This "growth-employment disconnect" seems to be defining India's services story. Modern services are capital-intensive and globally tradable, generating high productivity but few jobs
premium
Encouragingly, there are early signs of “catch-up”: Lagging states are now growing faster in services, even if convergence remains incomplete.
3 min read Last Updated : Oct 30 2025 | 10:52 PM IST
The services sector is a key driver of the Indian economy, contributing around 55 per cent of gross value added (GVA) and employing roughly 188 million. Two recent NITI Aayog reports on the sector’s employment trends and GVA dynamics, however, reveal that behind the headline numbers lies a tale of dualism. Over the past six years, the sector has added nearly 40 million jobs, emerging alongside construction as India’s main labour absorber. Yet, while the sector’s employment elasticity, a measure of how growth translates into jobs, rose sharply to 0.63 post-Covid, this revival hides contrasting realities. High-value segments such as information technology (elasticity 0.88), finance (0.95), health care (0.94), and transport (0.89) are thriving, buoyed up by digitisation, platform economies, and global demand. But these subsectors employ only a fraction of the workforce. In contrast, trade, education, and personal services — the traditional pillars of employment — remain labour-intensive but exhibit weakening job responsiveness. Subsectors such as telecommunications (-0.79) and insurance (-1.31) report persistently negative elasticities, reflecting capital-intensive growth, which displaces jobs rather than create them.
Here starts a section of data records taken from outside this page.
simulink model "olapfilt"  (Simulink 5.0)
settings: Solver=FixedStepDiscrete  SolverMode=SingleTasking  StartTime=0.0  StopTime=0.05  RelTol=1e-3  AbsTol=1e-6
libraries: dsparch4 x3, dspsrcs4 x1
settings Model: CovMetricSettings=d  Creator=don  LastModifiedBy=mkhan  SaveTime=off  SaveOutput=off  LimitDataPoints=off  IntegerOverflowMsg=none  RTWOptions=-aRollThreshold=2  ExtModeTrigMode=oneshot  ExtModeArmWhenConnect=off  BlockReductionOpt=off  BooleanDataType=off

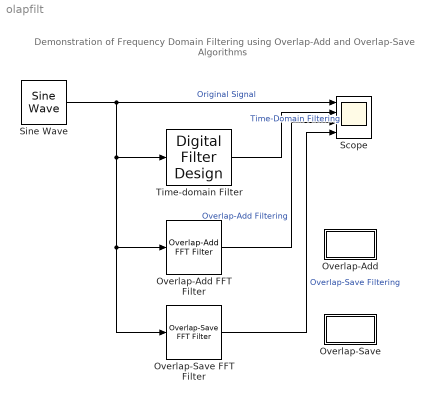
== system olapfilt ==
  note: Demonstration of Frequency Domain Filtering
      | using Overlap-Add and Overlap-Save Algorithms
  Overlap-Add : Subsystem
      settings: RTWFcnNameOpts=Auto  RTWFileNameOpts=Auto
      mask Display: disp('Info')
  Overlap-Add FFT Filter : dsparch4/Overlap-Add FFT Filter  Nfft=64  h=fir1(20,0.2)  output_complexity=Real
  Overlap-Save : Subsystem
      settings: RTWFcnNameOpts=Auto  RTWFileNameOpts=Auto
      mask Display: disp('Info')
  Overlap-Save FFT Filter : dsparch4/Overlap-Save FFT Filter  nfft_in=64  h=fir1(20,0.2)  output_complexity=Real
  Scope : Scope  NumInputPorts=4
      settings: TimeRange=0.05  YMin=-1~-1~-1~-1  YMax=1~1~1~1  SaveToWorkspace=off  SaveName=ScopeData  DataFormat=Array  LimitDataPoints=on  MaxDataPoints=5000
  Sine Wave : dspsrcs4/Sine Wave  Amplitude=1  Frequency=500  Phase=0  SampleMode=Discrete  OutComplex=Real  CompMethod=Trigonometric fcn  TableSize=Speed  SampleTime=1/5000  SamplesPerFrame=1  dType=Double  ResetState=Restart at time zero
  Time-domain Filter : dsparch4/Digital Filter Design
  wires:
  Sine Wave/1 -> Scope/1, Time-domain Filter/1, Overlap-Add FFT Filter/1, Overlap-Save FFT Filter/1  "Original Signal"
  Time-domain Filter/1 -> Scope/2  "Time-Domain Filtering"
  Overlap-Add FFT Filter/1 -> Scope/3  "Overlap-Add Filtering"
  Overlap-Save FFT Filter/1 -> Scope/4  "Overlap-Save Filtering"

== system olapfilt/Overlap-Add ==
  note: Overlap-Add Algorithm
      |
      | This algorithm filters the input signal.  The input is
      | divided into non-overlapping blocks which are linearly
      | convolved with the FIR filter coefficients.
      |
      | The linear convolution of each block is computed
      | by multiplying the DFTs of the block and the filter
      | coefficients, and computing the inverse DFT of the  product.
      |
      | For filter length M and FFT size N, the last M-1 samples
      | of the linear convolution are added to the first M-1
      | samples of the next input sequence.   The first (N-M+1)
      | samples of each summation result are output in sequence.
      |
      | Reference: Proakis and Manolakis, Digital Signal Processing,
      | 3rd ed, Prentice-Hall, Englewood Cliffs, NJ, 1996,
      | pp. 430 - 433.

== system olapfilt/Overlap-Save ==
  note: Overlap Save Algorithm
  note: This algorithm filters the input signal.  The input
      | is divided into overlapping blocks which are circularly
      | convolved with the FIR filter coefficients.
  note: The circular convolution of each block is computed
      | by multiplying the DFTs of the block and the filter
      | coefficients, and computing the inverse DFT of the  product.
  note: For filter length M and FFT size N, the first M-1 points
      | of the circular convolution are invalid and discarded.
      | The remaining (N-M+1) points which are equivalent to
      | the true convolution are "unrolled" as output by the
      | Unbuffer block.
  note: Reference: Oppenheim and Schafer, Discrete-Time Signal
      | Processing, Prentice-Hall, Englewood Cliffs, NJ, 1989,
      | pp. 558 - 560.

This “growth-employment disconnect” seems to be defining India’s services story. Modern services are capital-intensive and globally tradable, generating high productivity but few jobs. Traditional services are labour-intensive but low-value, sustaining livelihoods. The result is a vast “missing middle”, a divergence between elite, globally connected jobs and millions of informal-service livelihoods, which lack stability or social protection. Nearly 87 per cent of services workers remain outside formal safety nets, and even among the educated, informality persists. The gender divide is equally striking. Only 10.5 per cent of rural women are engaged in services, as against 60 per cent in urban areas. Rural women earn just ₹213 a day, less than half of men’s wages. However, in certain segments of information technology (IT), health care, and education, women generally earn more than men, a rare case of parity in India’s labour market.
Geographically, India’s services transformation mirrors its broader economic disparities. Karnataka, Maharashtra, Telangana, and Tamil Nadu dominate high-value services like IT, finance, and real estate. Bihar, Madhya Pradesh, and Uttar Pradesh, meanwhile, remain tethered to traditional, low-productivity activities like retail and trade. Research finds a strong correlation between a state’s services-sector intensity and per capita income — the more a state relies on modern services, the richer it becomes. Encouragingly, there are early signs of “catch-up”: Lagging states are now growing faster in services, even if convergence remains incomplete.
Clearly, these numbers underscore why the sector’s next phase of structural transformation needs to be employment-intensive. To this end, a set of policies has been proposed, including formalising service enterprises and protecting gig workers and those in small and medium enterprises; investing in women’s and rural digital skills; embedding technology and green skilling; and developing Tier-II and -III cities as new services hubs. Further, the government’s plan to launch a comprehensive “Annual Survey of Service Sector Enterprises” early next year also marks a turning point. Access to granular, enterprise-level data, covering everything from hospitality and logistics to fintech, signals increased attention towards the sector and fostering its role in generating employment at scale.